The sheriff requires that defendants on electronic monitoring win judicial approval if they wish to attend classes, work, attend to family matters like taking a child to and from school, or going to medical appointments. Otherwise, defendants are not permitted to leave the house.

“It is restrictive in ways that I don’t think people foresee,” said Chicago criminal defense attorney Lillian M. McCartin. “It is based on the concept that you have to have someone take care of you. You can’t get movement to go grocery shopping or go out if you want to take your kids to school. It is a constant battle.”

A Cook County Board committee on Thursday heard testimony from a man identified as Tyler Smith, 21, who described first being kept in custody and then released on electronic monitoring. Being put on electronic monitoring, Smith told the committee, “is nothing different from being incarcerated in jail. When you’re on home confinement, it’s like a prison. You have for to ask permission to leave your home to even to go to a grocery store.”

Danita Ivory, an assistant Cook County public defender, said that the restrictions can sometimes leave clients without permission to go to work even if they have verification from an employer. Clients call the office because the sheriff insists they need a court order to attend work, though some judges say they will not sign the order because the sheriff should not need them to, Ivory said.

“Sometimes the judges and the sheriff throw it back on each other and our clients get caught in the middle,” said Ivory, who supervises felony trials.

“We get calls saying the sheriff is not letting them go to work without a court order … and there are some judges who take the position the sheriff can do whatever they want and … they are not going to sign a specific order,” she added. “The client unfortunately is caught in the middle.”
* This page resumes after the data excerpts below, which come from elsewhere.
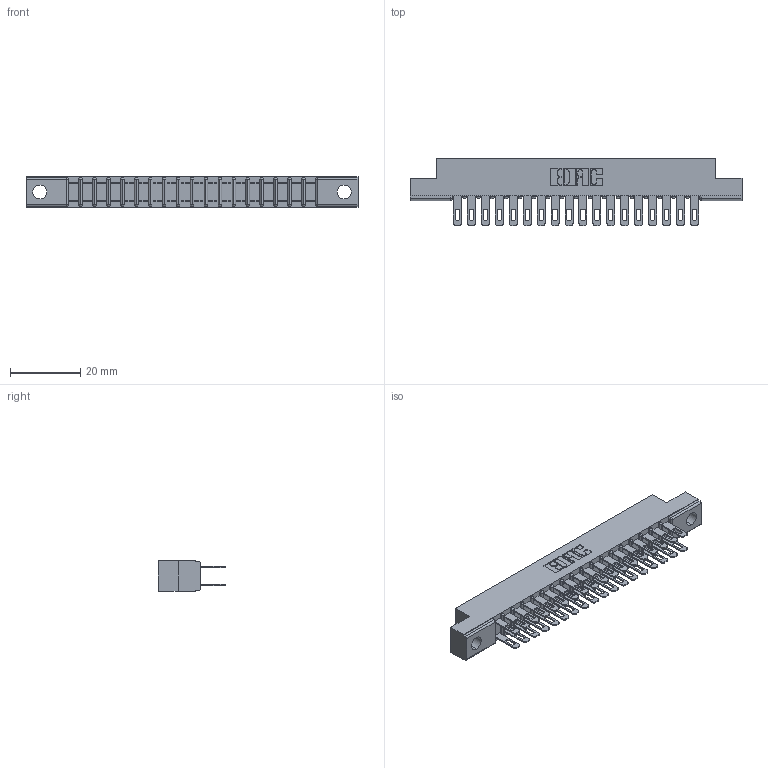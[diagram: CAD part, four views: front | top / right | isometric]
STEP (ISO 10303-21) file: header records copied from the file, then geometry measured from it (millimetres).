
FILE_DESCRIPTION (( 'STEP AP203' ), '1' );
FILE_NAME ('357-036-500-202.STEP', '2019-09-18T02:56:28', ( '' ), ( '' ), 'SwSTEP 2.0', 'SolidWorks 2016', '' );
FILE_SCHEMA (( 'CONFIG_CONTROL_DESIGN' ));
Length unit declared in the file: inch
Products named in the file (3): 307-290-001_500; 307 Part_.128 Dia Mounting Holes; 357-036-500-202
Assembly tree (37 placements, depth 2):
  357-036-500-202
    307 Part_.128 Dia Mounting Holes
    307-290-001_500  x36
Bounding box: 94.34 x 19.18 x 8.71 mm (x, y, z)
Volume: 6186.3 mm3; surface area: 11137 mm2
Topology: 37 solids, 37 shells, 1793 faces, 5003 edges, 3234 vertices
Faces by surface type: plane 1150, cylinder 605, sphere 38
Entity records: 18942 total; most frequent: CARTESIAN_POINT 3102, ORIENTED_EDGE 3070, DIRECTION 3051, EDGE_CURVE 1535, VECTOR 1165, LINE 1165, VERTEX_POINT 994, AXIS2_PLACEMENT_3D 943

The sheriff’s office contends that it has no choice. Once a defendant is placed on a monitoring program 24 hours a day, only a judge can revise the order to permit them to go outside, even to attend work, school, or pick up children, according to Cara Smith, the chief policy officer for Sheriff Tom Dart. She said her office works with judges to effect appropriate revisions.

“Every case involves at least three different judges. There is the bond court judge, the preliminary hearing judge, and the trial judge,” Smith explained. “There is a lot of ‘not my job’ when trying to get bond [and electronic monitoring] conditions reviewed.

“Often a judge [in the process] will say, ‘I’m not going to upset a decision made by one of my colleagues,’” she continued. “The structure of our system is very unforgiving in terms of seeking adjustments or changes in bond [and electronic monitoring] decisions.”

As a result, defendants often find themselves caught in a legal no-man’s land with the sheriff on one side and the courts on the other.

Smith said the sheriff and Cook County Public Defender Amy Campanelli have worked to “streamline” the movement issue.

“I think [defense lawyers’] frustration is with electronic monitoring, period,” Smith said. “They would prefer their clients have complete freedom pretrial, and that is a gripe you have with the judges.”

In Washington, D.C., judges strive to limit the use of electronic monitoring even as the court system has moved away from requiring cash bail for release. “I know that in many places, electronic monitoring is a kind of panacea of a standard condition thrown on people who are being released,” said Judge Truman Morrison of the D.C. Superior Court. “We have historically tried to limit electronic monitoring to where it is really needed [such as] in domestic violence cases. … We use it in a very limited fashion.”

Even so, Washington officials have found that defendants tend to appear for their court dates regardless of electronic monitoring.

Ali Abid, an Appleseed Foundation fellow who has been studying bail practices, is among those urging Cook County to be more flexible in the conditions imposed on persons upon arrest.

“Electronic monitoring is an easy stepping stone” as judges move away from routinely requiring cash bond, Abid says, but the “electronic monitoring system is not very nimble.”